7.2.0.9 The Agreement Frame Pattern
Identify the current frames. Ask each person for a specific description of their outco
me. “What do you want specifically?” “What values, beliefs, and criteria drive this goal?” “What do you evaluate about this as really important?” (These questions not only gather important information, but also pace each person so that each feels heard and understood. It also begins to construct meta-or higher level outcomes for an agreement frame.)
Identify common elements. Find a common element at a higher level that brings the two parties into agreement. Chunk up to a higher positive intent that both can agree on. “Jack wants a blue chair and, Jill, you want a red one. It seems that, at least, you both agree on purchasing a chair, right?” By pacing the higher-level want, it moves the parties there.
Identify a higher level category.

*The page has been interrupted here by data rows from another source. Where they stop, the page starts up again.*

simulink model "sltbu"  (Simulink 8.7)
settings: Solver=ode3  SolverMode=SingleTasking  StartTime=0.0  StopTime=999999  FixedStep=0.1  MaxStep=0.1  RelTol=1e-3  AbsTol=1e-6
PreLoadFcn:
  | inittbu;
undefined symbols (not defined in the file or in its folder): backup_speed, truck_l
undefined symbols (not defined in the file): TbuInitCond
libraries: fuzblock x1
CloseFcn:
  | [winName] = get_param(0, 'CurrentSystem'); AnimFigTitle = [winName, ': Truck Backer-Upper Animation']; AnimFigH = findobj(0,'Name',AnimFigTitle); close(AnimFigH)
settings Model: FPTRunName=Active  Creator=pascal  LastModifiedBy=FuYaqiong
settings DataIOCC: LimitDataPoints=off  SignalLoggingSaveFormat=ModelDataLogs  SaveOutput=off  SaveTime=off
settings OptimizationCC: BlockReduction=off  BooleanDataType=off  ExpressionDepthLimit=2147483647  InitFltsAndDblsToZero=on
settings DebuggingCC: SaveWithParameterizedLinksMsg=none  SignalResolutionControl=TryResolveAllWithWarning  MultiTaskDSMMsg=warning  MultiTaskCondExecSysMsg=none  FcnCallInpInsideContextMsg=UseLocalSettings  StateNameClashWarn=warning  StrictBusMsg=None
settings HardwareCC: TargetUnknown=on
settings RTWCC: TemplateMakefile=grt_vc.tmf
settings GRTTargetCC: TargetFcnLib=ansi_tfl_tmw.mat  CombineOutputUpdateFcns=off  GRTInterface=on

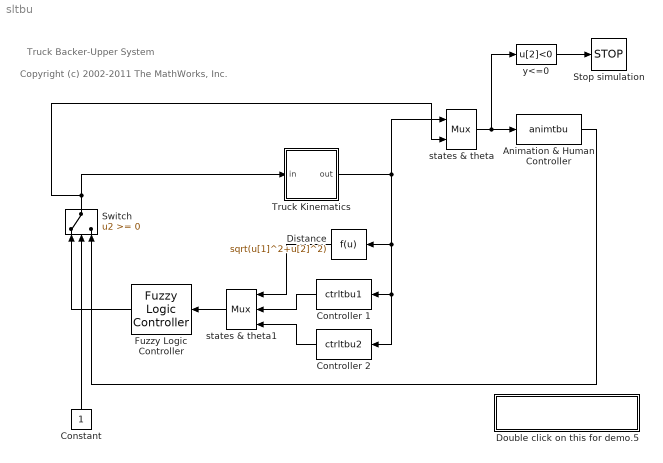
== system sltbu ==
  note: Copyright (c) 2002-2011 The MathWorks, Inc.
  note: Truck Backer-Upper System
  " Animation & Human Controller" : S-Function  FunctionName=animtbu  SFunctionDeploymentMode=off  EnableBusSupport=off
  Constant : Constant
  Controller 1 : MATLABFcn  MATLABFcn=ctrltbu1  OutputDimensions=1
  Controller 2 : MATLABFcn  MATLABFcn=ctrltbu2  OutputDimensions=1
  Distance : Fcn  Expr=sqrt(u[1]^2+u[2]^2)
  Double click on this for demo.5 : Subsystem
      settings: OpenFcn=inittbu
      mask Display: disp('Variable Initialization')
  Fuzzy Logic Controller : fuzblock/Fuzzy Logic  Controller  fis=fismat
  Stop simulation : Stop
  Switch : Switch  SaturateOnIntegerOverflow=on  InputSameDT=on
  Truck Kinematics : Subsystem  mask(Truck Dynamics){init_cond=TbuInitCond, backup_speed=backup_speed, truck_l=truck_l}
      mask prompts: init_cond "Initial Conditions (x, y, phi):"; backup_speed "Backup Speed:"; truck_l "truck Length:"
      mask help: Truck Dynamics
      mask Help: Truck dynamics
      mask Display: plot(-3, -3, 3, 3,[-1 1 1 -1 -1],[-2 -2 2 2 -2],[-1.1 -1.1],[-2 -1],[1.1 1.1],[-2 -1],[1.35 0.85],[1.93 1.07],[-0.85 -1.35],[1.93 1.07])
  states & theta : Mux  Inputs=[3 1]
  states & theta1 : Mux  Inputs=3
  y<=0 : Fcn  Expr=u[2]<0
  wires:
  y<=0/1 -> Stop simulation/1
  Switch/1 -> Truck Kinematics/1(in), states & theta/2
  Truck Kinematics/1(out) -> states & theta/1, Distance/1, Controller 1/1, Controller 2/1
  Constant/1 -> Switch/2
  states & theta/1 -> " Animation & Human Controller"/1, y<=0/1
  Fuzzy Logic Controller/1 -> Switch/1
  " Animation & Human Controller"/1 -> Switch/3
  states & theta1/1 -> Fuzzy Logic Controller/1
  Distance/1 -> states & theta1/1
  Controller 1/1 -> states & theta1/2
  Controller 2/1 -> states & theta1/3

== system sltbu/Double click on this for demo.5 ==

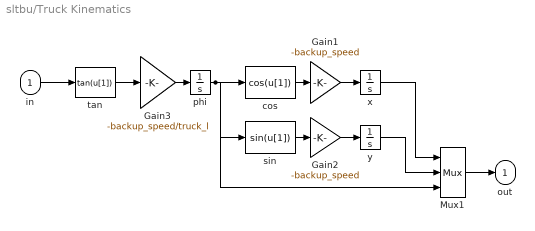
== system sltbu/Truck Kinematics ==
  in : Inport
  Gain1 : Gain  Gain=-backup_speed  SaturateOnIntegerOverflow=on  OutDataTypeStr=Inherit: Same as input  ParamDataTypeStr=Inherit: Same as input
  Gain2 : Gain  Gain=-backup_speed  SaturateOnIntegerOverflow=on  OutDataTypeStr=Inherit: Same as input  ParamDataTypeStr=Inherit: Same as input
  Gain3 : Gain  Gain=-backup_speed/truck_l  SaturateOnIntegerOverflow=on  OutDataTypeStr=Inherit: Same as input  ParamDataTypeStr=Inherit: Same as input
  Mux1 : Mux  Inputs=3
  cos : Fcn  Expr=cos(u[1])
  phi : Integrator  InitialCondition=init_cond(3)
  sin : Fcn
  tan : Fcn  Expr=tan(u[1])
  x : Integrator  InitialCondition=init_cond(1)
  y : Integrator  InitialCondition=init_cond(2)
  out : Outport  InitialOutput=0
  wires:
  in/1 -> tan/1
  phi/1 -> cos/1, sin/1, Mux1/3
  cos/1 -> Gain1/1
  Gain1/1 -> x/1
  sin/1 -> Gain2/1
  Gain2/1 -> y/1
  tan/1 -> Gain3/1
  Gain3/1 -> phi/1
  Mux1/1 -> out/1
  x/1 -> Mux1/1
  y/1 -> Mux1/2

If you get a no, then move the parties up to the next category. In the example, you might use “furniture.” “Do you both agree that you want to purchase some piece of furniture?” Continue until you find some level (category) of agreement. “So you could both agree on an expenditure for the house, right?”
Utilize the parties’ meta-outcomes to formulate the larger level agreement frame. “By purchasing X, what will that do for you, Jack?” “And if you purchase Y, what will that do for you, Jill?” “When you get that outcome, what does that do for you?” Continue this until the parties agree to the other person’s higher level intent. “So you both want a comfortable and attractive home?”